Sunday, October 20, 2019

Legacy Dinner

Inspirational song: I’m Gonna Love You Through It (Martina McBride)

I was given a gift tonight. To be accurate, I was given several, some more tangible than others. They were all valuable to me.

About two months ago, when I was first trying to go back to Rotary after finishing chemo, one of my friends there came up and asked me if I would be her guest to a dinner honoring breast cancer warriors. She didn’t tell me much about it at the time, but I agreed, because knowing her, this was going to be a good event. She has never steered me wrong. She gave me the paper ticket a few weeks ago, and I put it in a safe place in my purse, without reading the name of the organization sponsoring it. Two weeks ago, when we had our Rotary Day Out to non-profit organizations, I chose the group that was basically a cadaver lab (and it was the right choice for that day). I could have gone to Roberta’s Legacy, a non-profit for breast cancer patients and survivors, but I decided the other was where I wanted to be at that moment.

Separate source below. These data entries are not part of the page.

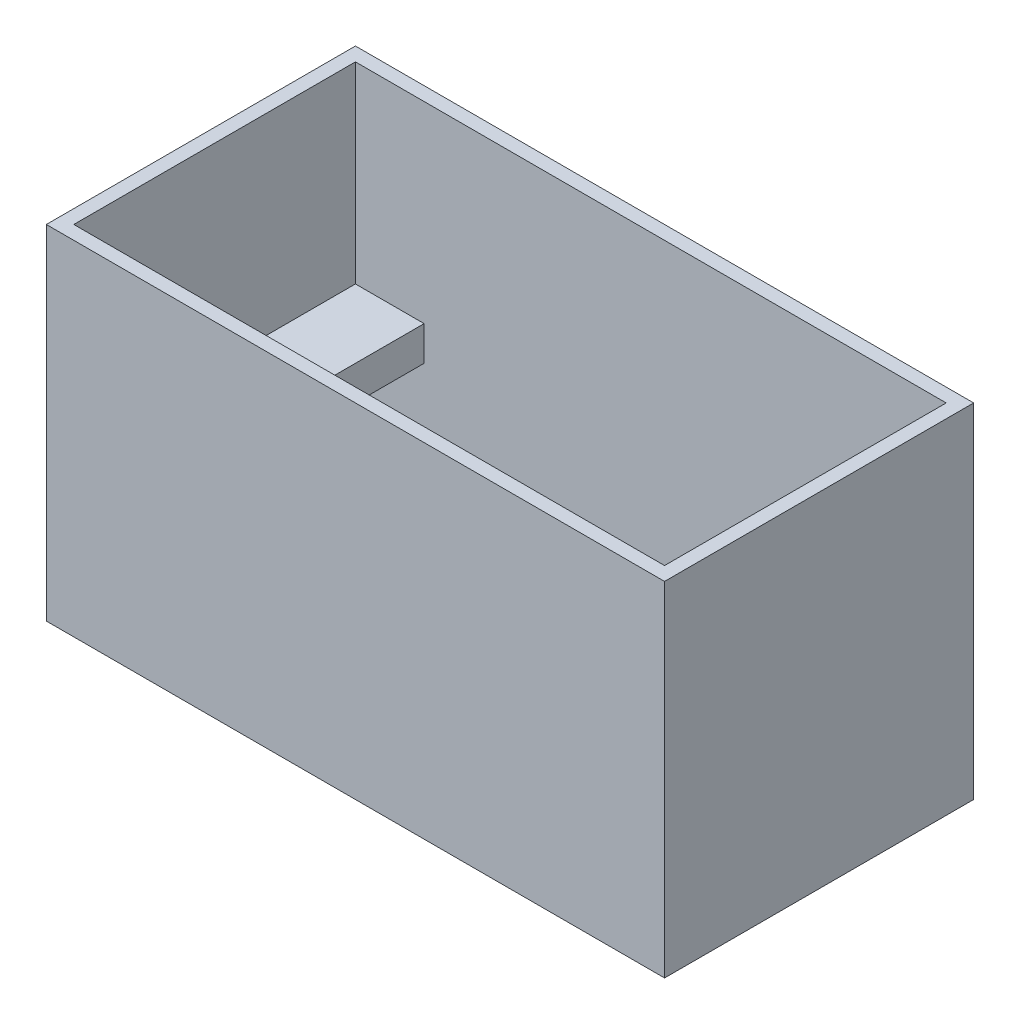
ISO-10303-21;
HEADER;
FILE_DESCRIPTION(('STEP AP214'),'2;1');
FILE_NAME('part.step','',(''),(''),'','','');
FILE_SCHEMA(('AUTOMOTIVE_DESIGN { 1 0 10303 214 1 1 1 1 }'));
ENDSEC;
DATA;
#1=APPLICATION_CONTEXT('core data for automotive mechanical design processes');
#2=APPLICATION_PROTOCOL_DEFINITION('international standard','automotive_design',2000,#1);
#3=PRODUCT_CONTEXT('',#1,'mechanical');
#4=PRODUCT('Part','Part','',(#3));
#5=PRODUCT_RELATED_PRODUCT_CATEGORY('part','',(#4));
#6=PRODUCT_DEFINITION_FORMATION('','',#4);
#7=PRODUCT_DEFINITION_CONTEXT('part definition',#1,'design');
#8=PRODUCT_DEFINITION('design','',#6,#7);
#9=PRODUCT_DEFINITION_SHAPE('','',#8);
#10=(LENGTH_UNIT() NAMED_UNIT(*) SI_UNIT(.MILLI.,.METRE.));
#11=(NAMED_UNIT(*) PLANE_ANGLE_UNIT() SI_UNIT($,.RADIAN.));
#12=(NAMED_UNIT(*) SI_UNIT($,.STERADIAN.) SOLID_ANGLE_UNIT());
#13=UNCERTAINTY_MEASURE_WITH_UNIT(LENGTH_MEASURE(1.E-05),#10,'distance_accuracy_value','');
#14=(GEOMETRIC_REPRESENTATION_CONTEXT(3) GLOBAL_UNCERTAINTY_ASSIGNED_CONTEXT((#13)) GLOBAL_UNIT_ASSIGNED_CONTEXT((#10,
#11,#12)) REPRESENTATION_CONTEXT('',''));
#15=CARTESIAN_POINT('',(0.,0.,0.));
#16=DIRECTION('',(0.,0.,1.));
#17=DIRECTION('',(1.,0.,0.));
#18=AXIS2_PLACEMENT_3D('',#15,#16,#17);
#19=CARTESIAN_POINT('',(-40.1376433452096,50.,17.0449021995127));
#20=DIRECTION('',(0.,0.,-1.));
#21=DIRECTION('',(-1.,0.,0.));
#22=AXIS2_PLACEMENT_3D('',#19,#20,#21);
#23=PLANE('',#22);
#24=DIRECTION('',(0.,-1.,0.));
#25=VECTOR('',#24,1.);
#26=CARTESIAN_POINT('',(47.8623566547904,50.,17.0449021995127));
#27=LINE('',#26,#25);
#28=CARTESIAN_POINT('',(47.8623566547904,50.,17.0449021995127));
#29=VERTEX_POINT('',#28);
#30=CARTESIAN_POINT('',(47.8623566547904,27.,17.0449021995127));
#31=VERTEX_POINT('',#30);
#32=EDGE_CURVE('E233',#29,#31,#27,.T.);
#33=ORIENTED_EDGE('',*,*,#32,.T.);
#34=DIRECTION('',(1.,0.,0.));
#35=VECTOR('',#34,1.);
#36=CARTESIAN_POINT('',(37.8623566547904,27.,17.0449021995127));
#37=LINE('',#36,#35);
#38=CARTESIAN_POINT('',(37.8623566547904,27.,17.0449021995127));
#39=VERTEX_POINT('',#38);
#40=EDGE_CURVE('E247',#39,#31,#37,.T.);
#41=ORIENTED_EDGE('',*,*,#40,.F.);
#42=DIRECTION('',(0.,1.,0.));
#43=VECTOR('',#42,1.);
#44=CARTESIAN_POINT('',(37.8623566547904,22.,17.0449021995127));
#45=LINE('',#44,#43);
#46=CARTESIAN_POINT('',(37.8623566547904,22.,17.0449021995127));
#47=VERTEX_POINT('',#46);
#48=EDGE_CURVE('E263',#47,#39,#45,.T.);
#49=ORIENTED_EDGE('',*,*,#48,.F.);
#50=DIRECTION('',(1.,0.,0.));
#51=VECTOR('',#50,1.);
#52=CARTESIAN_POINT('',(37.8623566547904,22.,17.0449021995127));
#53=LINE('',#52,#51);
#54=CARTESIAN_POINT('',(47.8623566547904,22.,17.0449021995127));
#55=VERTEX_POINT('',#54);
#56=EDGE_CURVE('E258',#47,#55,#53,.T.);
#57=ORIENTED_EDGE('',*,*,#56,.T.);
#58=CARTESIAN_POINT('',(47.8623566547904,2.,17.0449021995127));
#59=VERTEX_POINT('',#58);
#60=EDGE_CURVE('E158',#55,#59,#27,.T.);
#61=ORIENTED_EDGE('',*,*,#60,.T.);
#62=DIRECTION('',(1.,0.,0.));
#63=VECTOR('',#62,1.);
#64=CARTESIAN_POINT('',(-40.1376433452096,2.,17.0449021995127));
#65=LINE('',#64,#63);
#66=CARTESIAN_POINT('',(-40.1376433452096,2.,17.0449021995127));
#67=VERTEX_POINT('',#66);
#68=EDGE_CURVE('E150',#67,#59,#65,.T.);
#69=ORIENTED_EDGE('',*,*,#68,.F.);
#70=DIRECTION('',(0.,-1.,0.));
#71=VECTOR('',#70,1.);
#72=CARTESIAN_POINT('',(-40.1376433452096,50.,17.0449021995127));
#73=LINE('',#72,#71);
#74=CARTESIAN_POINT('',(-40.1376433452096,17.,17.0449021995127));
#75=VERTEX_POINT('',#74);
#76=EDGE_CURVE('E154',#75,#67,#73,.T.);
#77=ORIENTED_EDGE('',*,*,#76,.F.);
#78=DIRECTION('',(-1.,0.,0.));
#79=VECTOR('',#78,1.);
#80=CARTESIAN_POINT('',(-28.1376433452096,17.,17.0449021995127));
#81=LINE('',#80,#79);
#82=CARTESIAN_POINT('',(-28.1376433452096,17.,17.0449021995127));
#83=VERTEX_POINT('',#82);
#84=EDGE_CURVE('E161',#83,#75,#81,.T.);
#85=ORIENTED_EDGE('',*,*,#84,.F.);
#86=DIRECTION('',(0.,-1.,0.));
#87=VECTOR('',#86,1.);
#88=CARTESIAN_POINT('',(-28.1376433452096,17.,17.0449021995127));
#89=LINE('',#88,#87);
#90=CARTESIAN_POINT('',(-28.1376433452096,22.,17.0449021995127));
#91=VERTEX_POINT('',#90);
#92=EDGE_CURVE('E246',#91,#83,#89,.T.);
#93=ORIENTED_EDGE('',*,*,#92,.F.);
#94=DIRECTION('',(-1.,0.,0.));
#95=VECTOR('',#94,1.);
#96=CARTESIAN_POINT('',(-28.1376433452096,22.,17.0449021995127));
#97=LINE('',#96,#95);
#98=CARTESIAN_POINT('',(-38.1376433452096,22.,17.0449021995127));
#99=VERTEX_POINT('',#98);
#100=EDGE_CURVE('E240',#91,#99,#97,.T.);
#101=ORIENTED_EDGE('',*,*,#100,.T.);
#102=DIRECTION('',(0.,-1.,0.));
#103=VECTOR('',#102,1.);
#104=CARTESIAN_POINT('',(-38.1376433452096,50.,17.0449021995127));
#105=LINE('',#104,#103);
#106=CARTESIAN_POINT('',(-38.1376433452096,50.,17.0449021995127));
#107=VERTEX_POINT('',#106);
#108=EDGE_CURVE('E209',#107,#99,#105,.T.);
#109=ORIENTED_EDGE('',*,*,#108,.F.);
#110=DIRECTION('',(1.,0.,0.));
#111=VECTOR('',#110,1.);
#112=CARTESIAN_POINT('',(-40.1376433452096,50.,17.0449021995127));
#113=LINE('',#112,#111);
#114=EDGE_CURVE('E223',#107,#29,#113,.T.);
#115=ORIENTED_EDGE('',*,*,#114,.T.);
#116=EDGE_LOOP('',(#33,#41,#49,#57,#61,#69,#77,#85,#93,#101,#109,#115));
#117=FACE_BOUND('',#116,.T.);
#118=ADVANCED_FACE('F34',(#117),#23,.T.);
#119=CARTESIAN_POINT('',(-40.1376433452096,50.,-23.9550978004873));
#120=DIRECTION('',(0.,0.,1.));
#121=DIRECTION('',(1.,0.,0.));
#122=AXIS2_PLACEMENT_3D('',#119,#120,#121);
#123=PLANE('',#122);
#124=DIRECTION('',(0.,-1.,0.));
#125=VECTOR('',#124,1.);
#126=CARTESIAN_POINT('',(37.8623566547904,22.,-23.9550978004873));
#127=LINE('',#126,#125);
#128=CARTESIAN_POINT('',(37.8623566547904,27.,-23.9550978004873));
#129=VERTEX_POINT('',#128);
#130=CARTESIAN_POINT('',(37.8623566547904,22.,-23.9550978004873));
#131=VERTEX_POINT('',#130);
#132=EDGE_CURVE('E268',#129,#131,#127,.T.);
#133=ORIENTED_EDGE('',*,*,#132,.F.);
#134=DIRECTION('',(1.,0.,0.));
#135=VECTOR('',#134,1.);
#136=CARTESIAN_POINT('',(37.8623566547904,27.,-23.9550978004873));
#137=LINE('',#136,#135);
#138=CARTESIAN_POINT('',(47.8623566547904,27.,-23.9550978004873));
#139=VERTEX_POINT('',#138);
#140=EDGE_CURVE('E254',#129,#139,#137,.T.);
#141=ORIENTED_EDGE('',*,*,#140,.T.);
#142=DIRECTION('',(0.,-1.,0.));
#143=VECTOR('',#142,1.);
#144=CARTESIAN_POINT('',(47.8623566547904,50.,-23.9550978004873));
#145=LINE('',#144,#143);
#146=CARTESIAN_POINT('',(47.8623566547904,50.,-23.9550978004873));
#147=VERTEX_POINT('',#146);
#148=EDGE_CURVE('E228',#147,#139,#145,.T.);
#149=ORIENTED_EDGE('',*,*,#148,.F.);
#150=DIRECTION('',(-1.,0.,0.));
#151=VECTOR('',#150,1.);
#152=CARTESIAN_POINT('',(-40.1376433452096,50.,-23.9550978004873));
#153=LINE('',#152,#151);
#154=CARTESIAN_POINT('',(-38.1376433452096,50.,-23.9550978004873));
#155=VERTEX_POINT('',#154);
#156=EDGE_CURVE('E217',#147,#155,#153,.T.);
#157=ORIENTED_EDGE('',*,*,#156,.T.);
#158=DIRECTION('',(0.,-1.,0.));
#159=VECTOR('',#158,1.);
#160=CARTESIAN_POINT('',(-38.1376433452096,50.,-23.9550978004873));
#161=LINE('',#160,#159);
#162=CARTESIAN_POINT('',(-38.1376433452096,22.,-23.9550978004873));
#163=VERTEX_POINT('',#162);
#164=EDGE_CURVE('E219',#155,#163,#161,.T.);
#165=ORIENTED_EDGE('',*,*,#164,.T.);
#166=DIRECTION('',(1.,0.,0.));
#167=VECTOR('',#166,1.);
#168=CARTESIAN_POINT('',(-40.1376433452096,22.,-23.9550978004873));
#169=LINE('',#168,#167);
#170=CARTESIAN_POINT('',(-28.1376433452096,22.,-23.9550978004873));
#171=VERTEX_POINT('',#170);
#172=EDGE_CURVE('E180',#163,#171,#169,.T.);
#173=ORIENTED_EDGE('',*,*,#172,.T.);
#174=DIRECTION('',(0.,-1.,0.));
#175=VECTOR('',#174,1.);
#176=CARTESIAN_POINT('',(-28.1376433452096,50.,-23.9550978004873));
#177=LINE('',#176,#175);
#178=CARTESIAN_POINT('',(-28.1376433452096,17.,-23.9550978004873));
#179=VERTEX_POINT('',#178);
#180=EDGE_CURVE('E183',#171,#179,#177,.T.);
#181=ORIENTED_EDGE('',*,*,#180,.T.);
#182=DIRECTION('',(-1.,0.,0.));
#183=VECTOR('',#182,1.);
#184=CARTESIAN_POINT('',(-40.1376433452096,17.,-23.9550978004873));
#185=LINE('',#184,#183);
#186=CARTESIAN_POINT('',(-40.1376433452096,17.,-23.9550978004873));
#187=VERTEX_POINT('',#186);
#188=EDGE_CURVE('E169',#179,#187,#185,.T.);
#189=ORIENTED_EDGE('',*,*,#188,.T.);
#190=DIRECTION('',(0.,1.,0.));
#191=VECTOR('',#190,1.);
#192=CARTESIAN_POINT('',(-40.1376433452096,50.,-23.9550978004873));
#193=LINE('',#192,#191);
#194=CARTESIAN_POINT('',(-40.1376433452096,2.,-23.9550978004873));
#195=VERTEX_POINT('',#194);
#196=EDGE_CURVE('E168',#195,#187,#193,.T.);
#197=ORIENTED_EDGE('',*,*,#196,.F.);
#198=DIRECTION('',(-1.,0.,0.));
#199=VECTOR('',#198,1.);
#200=CARTESIAN_POINT('',(-40.1376433452096,2.,-23.9550978004873));
#201=LINE('',#200,#199);
#202=CARTESIAN_POINT('',(47.8623566547904,2.,-23.9550978004873));
#203=VERTEX_POINT('',#202);
#204=EDGE_CURVE('E49',#203,#195,#201,.T.);
#205=ORIENTED_EDGE('',*,*,#204,.F.);
#206=CARTESIAN_POINT('',(47.8623566547904,22.,-23.9550978004873));
#207=VERTEX_POINT('',#206);
#208=EDGE_CURVE('E231',#207,#203,#145,.T.);
#209=ORIENTED_EDGE('',*,*,#208,.F.);
#210=DIRECTION('',(1.,0.,0.));
#211=VECTOR('',#210,1.);
#212=CARTESIAN_POINT('',(37.8623566547904,22.,-23.9550978004873));
#213=LINE('',#212,#211);
#214=EDGE_CURVE('E57',#131,#207,#213,.T.);
#215=ORIENTED_EDGE('',*,*,#214,.F.);
#216=EDGE_LOOP('',(#133,#141,#149,#157,#165,#173,#181,#189,#197,#205,#209,#215));
#217=FACE_BOUND('',#216,.T.);
#218=ADVANCED_FACE('F304',(#217),#123,.T.);
#219=CARTESIAN_POINT('',(47.8623566547904,50.,-25.9550978004873));
#220=DIRECTION('',(-1.,0.,0.));
#221=DIRECTION('',(0.,0.,1.));
#222=AXIS2_PLACEMENT_3D('',#219,#220,#221);
#223=PLANE('',#222);
#224=ORIENTED_EDGE('',*,*,#148,.T.);
#225=DIRECTION('',(0.,0.,-1.));
#226=VECTOR('',#225,1.);
#227=CARTESIAN_POINT('',(47.8623566547904,27.,17.0449021995127));
#228=LINE('',#227,#226);
#229=EDGE_CURVE('E264',#31,#139,#228,.T.);
#230=ORIENTED_EDGE('',*,*,#229,.F.);
#231=ORIENTED_EDGE('',*,*,#32,.F.);
#232=DIRECTION('',(0.,0.,-1.));
#233=VECTOR('',#232,1.);
#234=CARTESIAN_POINT('',(47.8623566547904,50.,-25.9550978004873));
#235=LINE('',#234,#233);
#236=EDGE_CURVE('E220',#29,#147,#235,.T.);
#237=ORIENTED_EDGE('',*,*,#236,.T.);
#238=EDGE_LOOP('',(#224,#230,#231,#237));
#239=FACE_BOUND('',#238,.T.);
#240=ADVANCED_FACE('F305',(#239),#223,.T.);
#241=ORIENTED_EDGE('',*,*,#60,.F.);
#242=DIRECTION('',(0.,0.,1.));
#243=VECTOR('',#242,1.);
#244=CARTESIAN_POINT('',(47.8623566547904,22.,17.0449021995127));
#245=LINE('',#244,#243);
#246=EDGE_CURVE('E261',#207,#55,#245,.T.);
#247=ORIENTED_EDGE('',*,*,#246,.F.);
#248=ORIENTED_EDGE('',*,*,#208,.T.);
#249=DIRECTION('',(0.,0.,-1.));
#250=VECTOR('',#249,1.);
#251=CARTESIAN_POINT('',(47.8623566547904,2.,-25.9550978004873));
#252=LINE('',#251,#250);
#253=EDGE_CURVE('E160',#59,#203,#252,.T.);
#254=ORIENTED_EDGE('',*,*,#253,.F.);
#255=EDGE_LOOP('',(#241,#247,#248,#254));
#256=FACE_BOUND('',#255,.T.);
#257=ADVANCED_FACE('F345',(#256),#223,.T.);
#258=CARTESIAN_POINT('',(-38.1376433452096,50.,-25.9550978004873));
#259=DIRECTION('',(1.,0.,0.));
#260=DIRECTION('',(0.,0.,-1.));
#261=AXIS2_PLACEMENT_3D('',#258,#259,#260);
#262=PLANE('',#261);
#263=ORIENTED_EDGE('',*,*,#108,.T.);
#264=DIRECTION('',(0.,0.,1.));
#265=VECTOR('',#264,1.);
#266=CARTESIAN_POINT('',(-38.1376433452096,22.,17.0449021995127));
#267=LINE('',#266,#265);
#268=EDGE_CURVE('E244',#163,#99,#267,.T.);
#269=ORIENTED_EDGE('',*,*,#268,.F.);
#270=ORIENTED_EDGE('',*,*,#164,.F.);
#271=DIRECTION('',(0.,0.,1.));
#272=VECTOR('',#271,1.);
#273=CARTESIAN_POINT('',(-38.1376433452096,50.,-25.9550978004873));
#274=LINE('',#273,#272);
#275=EDGE_CURVE('E225',#155,#107,#274,.T.);
#276=ORIENTED_EDGE('',*,*,#275,.T.);
#277=EDGE_LOOP('',(#263,#269,#270,#276));
#278=FACE_BOUND('',#277,.T.);
#279=ADVANCED_FACE('F316',(#278),#262,.T.);
#280=CARTESIAN_POINT('',(-40.1376433452096,50.,-25.9550978004873));
#281=DIRECTION('',(1.,0.,0.));
#282=DIRECTION('',(0.,0.,-1.));
#283=AXIS2_PLACEMENT_3D('',#280,#281,#282);
#284=PLANE('',#283);
#285=DIRECTION('',(0.,0.,1.));
#286=VECTOR('',#285,1.);
#287=CARTESIAN_POINT('',(-40.1376433452096,17.,-25.9550978004873));
#288=LINE('',#287,#286);
#289=EDGE_CURVE('E173',#187,#75,#288,.T.);
#290=ORIENTED_EDGE('',*,*,#289,.T.);
#291=ORIENTED_EDGE('',*,*,#76,.T.);
#292=DIRECTION('',(0.,0.,-1.));
#293=VECTOR('',#292,1.);
#294=CARTESIAN_POINT('',(-40.1376433452096,2.,-25.9550978004873));
#295=LINE('',#294,#293);
#296=EDGE_CURVE('E164',#67,#195,#295,.T.);
#297=ORIENTED_EDGE('',*,*,#296,.T.);
#298=ORIENTED_EDGE('',*,*,#196,.T.);
#299=EDGE_LOOP('',(#290,#291,#297,#298));
#300=FACE_BOUND('',#299,.T.);
#301=DIRECTION('',(0.,0.,1.));
#302=VECTOR('',#301,1.);
#303=CARTESIAN_POINT('',(-40.1376433452096,0.,-25.9550978004873));
#304=LINE('',#303,#302);
#305=CARTESIAN_POINT('',(-40.1376433452096,0.,-25.9550978004873));
#306=VERTEX_POINT('',#305);
#307=CARTESIAN_POINT('',(-40.1376433452096,0.,19.0449021995127));
#308=VERTEX_POINT('',#307);
#309=EDGE_CURVE('E206',#306,#308,#304,.T.);
#310=ORIENTED_EDGE('',*,*,#309,.T.);
#311=DIRECTION('',(0.,-1.,0.));
#312=VECTOR('',#311,1.);
#313=CARTESIAN_POINT('',(-40.1376433452096,50.,19.0449021995127));
#314=LINE('',#313,#312);
#315=CARTESIAN_POINT('',(-40.1376433452096,50.,19.0449021995127));
#316=VERTEX_POINT('',#315);
#317=EDGE_CURVE('E186',#316,#308,#314,.T.);
#318=ORIENTED_EDGE('',*,*,#317,.F.);
#319=DIRECTION('',(0.,0.,1.));
#320=VECTOR('',#319,1.);
#321=CARTESIAN_POINT('',(-40.1376433452096,50.,-25.9550978004873));
#322=LINE('',#321,#320);
#323=CARTESIAN_POINT('',(-40.1376433452096,50.,-25.9550978004873));
#324=VERTEX_POINT('',#323);
#325=EDGE_CURVE('E201',#324,#316,#322,.T.);
#326=ORIENTED_EDGE('',*,*,#325,.F.);
#327=DIRECTION('',(0.,-1.,0.));
#328=VECTOR('',#327,1.);
#329=CARTESIAN_POINT('',(-40.1376433452096,50.,-25.9550978004873));
#330=LINE('',#329,#328);
#331=EDGE_CURVE('E195',#324,#306,#330,.T.);
#332=ORIENTED_EDGE('',*,*,#331,.T.);
#333=EDGE_LOOP('',(#310,#318,#326,#332));
#334=FACE_BOUND('',#333,.T.);
#335=ADVANCED_FACE('F36',(#300,#334),#284,.F.);
#336=CARTESIAN_POINT('',(-40.1376433452096,50.,19.0449021995127));
#337=DIRECTION('',(0.,0.,-1.));
#338=DIRECTION('',(-1.,0.,0.));
#339=AXIS2_PLACEMENT_3D('',#336,#337,#338);
#340=PLANE('',#339);
#341=DIRECTION('',(1.,0.,0.));
#342=VECTOR('',#341,1.);
#343=CARTESIAN_POINT('',(-40.1376433452096,0.,19.0449021995127));
#344=LINE('',#343,#342);
#345=CARTESIAN_POINT('',(49.8623566547904,0.,19.0449021995127));
#346=VERTEX_POINT('',#345);
#347=EDGE_CURVE('E204',#308,#346,#344,.T.);
#348=ORIENTED_EDGE('',*,*,#347,.T.);
#349=DIRECTION('',(0.,-1.,0.));
#350=VECTOR('',#349,1.);
#351=CARTESIAN_POINT('',(49.8623566547904,50.,19.0449021995127));
#352=LINE('',#351,#350);
#353=CARTESIAN_POINT('',(49.8623566547904,50.,19.0449021995127));
#354=VERTEX_POINT('',#353);
#355=EDGE_CURVE('E189',#354,#346,#352,.T.);
#356=ORIENTED_EDGE('',*,*,#355,.F.);
#357=DIRECTION('',(1.,0.,0.));
#358=VECTOR('',#357,1.);
#359=CARTESIAN_POINT('',(-40.1376433452096,50.,19.0449021995127));
#360=LINE('',#359,#358);
#361=EDGE_CURVE('E213',#316,#354,#360,.T.);
#362=ORIENTED_EDGE('',*,*,#361,.F.);
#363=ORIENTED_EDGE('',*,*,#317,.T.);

Last week at my appointment, I said something to my oncologist about going to the dinner this weekend, and she said, “The Roberta’s Legacy one? I’ll be there too.” It wasn’t until that moment I put the name together with the event. I should have paid closer attention. Now that I have all the pieces assembled, the picture that comes through is a positive one. Roberta was a local woman who was diagnosed with breast cancer first in 2010, thought she beat it, and then it came back in 2015. I believe they said she died in 2016. Her family remembers her as a consummate giver, caring about other people to the very end of her life, even making blankets to give to newly diagnosed cancer warriors in the weeks right before her death. They tried to honor her memory by making a donation to the Rocky Mountain Cancer Center, but they were unable to accept the funds as delivered (I don’t know that part of the story), and the money ended up with a single mom in Denver who was going through treatment. She had lost her job when she wasn’t able to be there consistently, her insurance was gone, and her husband/boyfriend (don’t know which) left her. She said the money donated in Roberta’s memory made it possible for her to buy groceries for the first time in too long.

Understanding what their gift meant, the family set about creating a charity to help local women and men struggling with the financial burdens of breast cancer, and in this calendar year alone, they have reached 44 families. They help with medical bills, costs of living, cleaning services, repair services, and integrative health (like lymphatic drainage massage). Tonight’s dinner was part fundraiser and partly a chance to bring the recipients of this charity’s assistance out for a break from the hard work of fighting cancer. It was out at the Shupe Homestead, the beautiful event center in a rural part of Boulder county where we had a Rotary party last summer. The gathering room was decorated beautifully, the caterers were outstanding, and one of the sponsors was a local coffee producer who created a special roast as a party favor. The coffee company will be selling this blend from now on, with proceeds going to Roberta’s Legacy.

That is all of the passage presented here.